A volunteer group has begun cleaning up the archaeological sites in Tiberias in hopes of having a national park established for the ongoing protection of the ruins.

On the Mount Ebal curse tablet, Aren Maeir offers some initial thoughts. At Haaretz, Nir Hasson provides a general overview along with some criticisms of the artifact and questions about how it was uncovered and exported. Shawn Zelig Aster weighs in on the inscription’s possible significance. James Davila observes that if the claims are accurate, the amulet would be the earliest inscribed metal amulet by a good five centuries, but he thinks it unlikely that the inscription is a defixio amulet from the Persian period or later.

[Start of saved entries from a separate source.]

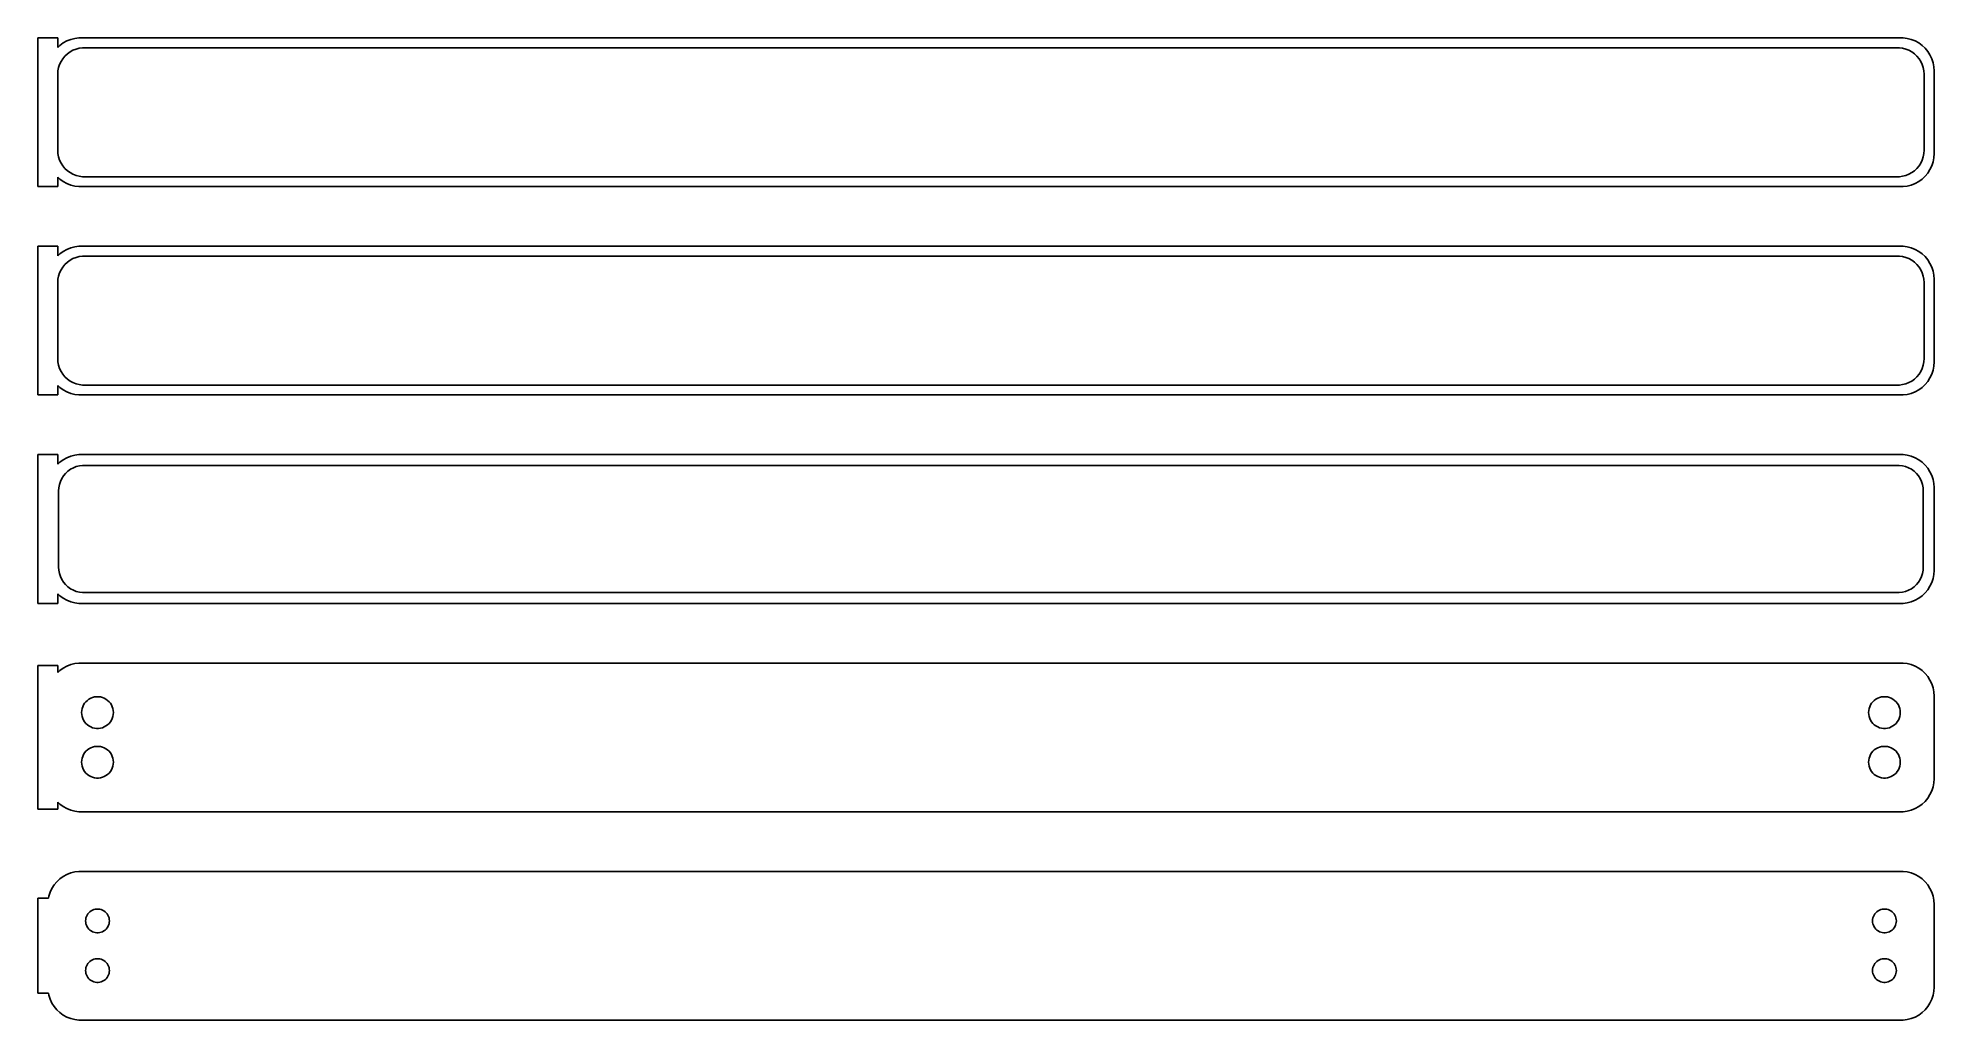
# Model space of a CAD drawing. Header units: metres. Extents: x -144 to 142, y 115 to 263.
import ezdxf

# ---------------------------------------------------------------- set-up
doc = ezdxf.new("R2010")
doc.units = ezdxf.units.M

msp = doc.modelspace()

# ---------------------------------------------------------------- linework, layer by layer
for p, q in [((-141, 263.24), (-144, 263.24)), ((-144, 263.24), (-144, 240.76)), ((-141, 261.809), (-141, 263.24)), ((-140.687, 262.103), (-141, 261.809)), ((-140.179, 262.472), (-140.687, 262.103)), ((-139.629, 262.774), (-140.179, 262.472)), ((-139.916, 260.488), (-139.55, 260.832)), ((-139.045, 263.005), (-139.629, 262.774)), ((-139.55, 260.832), (-139.143, 261.127)), ((-139.143, 261.127), (-138.703, 261.369)), ((-138.437, 263.161), (-139.045, 263.005)), ((-138.703, 261.369), (-138.236, 261.554)), ((-137.814, 263.24), (-138.437, 263.161)), ((-138.236, 261.554), (-137.75, 261.679)), ((137.814, 263.24), (-137.814, 263.24)), ((-137.75, 261.679), (-137.251, 261.742)), ((-137.251, 261.742), (137.251, 261.742)), ((137.251, 261.742), (137.75, 261.679)), ((137.75, 261.679), (138.236, 261.554)), ((138.437, 263.161), (137.814, 263.24)), ((138.236, 261.554), (138.703, 261.369)), ((139.045, 263.005), (138.437, 263.161)), ((138.703, 261.369), (139.143, 261.127)), ((139.629, 262.774), (139.045, 263.005)), ((139.143, 261.127), (139.55, 260.832)), ((139.55, 260.832), (139.916, 260.488)), ((140.179, 262.472), (139.629, 262.774)), ((140.687, 262.103), (140.179, 262.472)), ((141.145, 261.673), (140.687, 262.103)), ((141.545, 261.189), (141.145, 261.673)), ((141.882, 260.659), (141.545, 261.189)), ((-141, 257.75), (-140.968, 258.251)), ((-140.968, 258.251), (-140.874, 258.745)), ((-140.874, 258.745), (-140.719, 259.222)), ((-140.719, 259.222), (-140.505, 259.677)), ((-140.505, 259.677), (-140.236, 260.101)), ((-140.236, 260.101), (-139.916, 260.488)), ((139.916, 260.488), (140.236, 260.101)), ((140.236, 260.101), (140.505, 259.677)), ((140.505, 259.677), (140.719, 259.222)), ((140.719, 259.222), (140.874, 258.745)), ((140.874, 258.745), (140.968, 258.251)), ((140.968, 258.251), (141, 257.75)), ((142.149, 260.091), (141.882, 260.659)), ((142.343, 259.493), (142.149, 260.091)), ((142.461, 258.877), (142.343, 259.493)), ((142.5, 258.25), (142.461, 258.877)), ((142.5, 245.75), (142.5, 258.25)), ((-141, 246.25), (-141, 257.75)), ((141, 257.75), (141, 246.25)), ((-140.968, 245.749), (-141, 246.25)), ((-140.874, 245.255), (-140.968, 245.749)), ((-140.719, 244.778), (-140.874, 245.255)), ((-140.505, 244.323), (-140.719, 244.778)), ((-140.236, 243.899), (-140.505, 244.323)), ((-139.916, 243.512), (-140.236, 243.899)), ((140.236, 243.899), (139.916, 243.512)), ((140.505, 244.323), (140.236, 243.899)), ((140.719, 244.778), (140.505, 244.323)), ((140.874, 245.255), (140.719, 244.778)), ((140.968, 245.749), (140.874, 245.255)), ((141, 246.25), (140.968, 245.749)), ((141.882, 243.341), (142.149, 243.909)), ((142.149, 243.909), (142.343, 244.507)), ((142.343, 244.507), (142.461, 245.123)), ((142.461, 245.123), (142.5, 245.75)), ((-144, 240.76), (-141, 240.76)), ((-141, 242.191), (-140.687, 241.897)), ((-141, 240.76), (-141, 242.191)), ((-140.687, 241.897), (-140.179, 241.528)), ((-140.179, 241.528), (-139.629, 241.226)), ((-139.55, 243.168), (-139.916, 243.512)), ((-139.629, 241.226), (-139.045, 240.995)), ((-139.143, 242.873), (-139.55, 243.168)), ((-138.703, 242.631), (-139.143, 242.873)), ((-139.045, 240.995), (-138.437, 240.839)), ((-138.236, 242.446), (-138.703, 242.631)), ((-138.437, 240.839), (-137.814, 240.76)), ((-137.75, 242.321), (-138.236, 242.446)), ((-137.814, 240.76), (137.814, 240.76)), ((-137.251, 242.258), (-137.75, 242.321)), ((137.251, 242.258), (-137.251, 242.258)), ((137.75, 242.321), (137.251, 242.258)), ((138.236, 242.446), (137.75, 242.321)), ((137.814, 240.76), (138.437, 240.839)), ((138.703, 242.631), (138.236, 242.446)), ((138.437, 240.839), (139.045, 240.995)), ((139.143, 242.873), (138.703, 242.631)), ((139.045, 240.995), (139.629, 241.226)), ((139.55, 243.168), (139.143, 242.873)), ((139.916, 243.512), (139.55, 243.168)), ((139.629, 241.226), (140.179, 241.528)), ((140.179, 241.528), (140.687, 241.897)), ((140.687, 241.897), (141.145, 242.327)), ((141.145, 242.327), (141.545, 242.811)), ((141.545, 242.811), (141.882, 243.341)), ((-141, 231.74), (-144, 231.74)), ((-144, 231.74), (-144, 209.26)), ((-141, 230.309), (-141, 231.74)), ((-140.687, 230.603), (-141, 230.309)), ((-140.179, 230.972), (-140.687, 230.603)), ((-139.629, 231.274), (-140.179, 230.972)), ((-139.916, 228.988), (-139.55, 229.332)), ((-139.045, 231.505), (-139.629, 231.274)), ((-139.55, 229.332), (-139.143, 229.627)), ((-139.143, 229.627), (-138.703, 229.869)), ((-138.437, 231.661), (-139.045, 231.505)), ((-138.703, 229.869), (-138.236, 230.054)), ((-137.814, 231.74), (-138.437, 231.661)), ((-138.236, 230.054), (-137.75, 230.179)), ((137.814, 231.74), (-137.814, 231.74)), ((-137.75, 230.179), (-137.251, 230.242)), ((-137.251, 230.242), (137.251, 230.242)), ((137.251, 230.242), (137.75, 230.179)), ((137.75, 230.179), (138.236, 230.054)), ((138.437, 231.661), (137.814, 231.74)), ((138.236, 230.054), (138.703, 229.869)), ((139.045, 231.505), (138.437, 231.661)), ((138.703, 229.869), (139.143, 229.627)), ((139.629, 231.274), (139.045, 231.505)), ((139.143, 229.627), (139.55, 229.332)), ((139.55, 229.332), (139.916, 228.988)), ((140.179, 230.972), (139.629, 231.274)), ((140.687, 230.603), (140.179, 230.972)), ((141.145, 230.173), (140.687, 230.603)), ((141.545, 229.689), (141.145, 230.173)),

Biblical Archaeology Review assistant editor Nathan Steinmeyer gives a short video tour atop the walls of Jerusalem (5 minutes, with no 2x option).

“Imagine learning the Bible not as a religious exercise, but as local history. In Israeli public schools, that’s the reality.”

New release: The Jewish Quarter Excavations in the Old City of Jerusalem: Conducted by Nahman Avigad 1969-1982: Vol. VIII: Architecture and Stratigraphy: The Palatial Mansion: Areas F-2, P and P-2. Edited by Hillel Geva.

Hillel Geva has retired from director of the Israel Exploration Society, and Rona Avissar Lewis is now in charge.

“Giants in Judges” is the subject in the most recent episode of the Biblical World podcast with Chris McKinny and Kyle Keimer.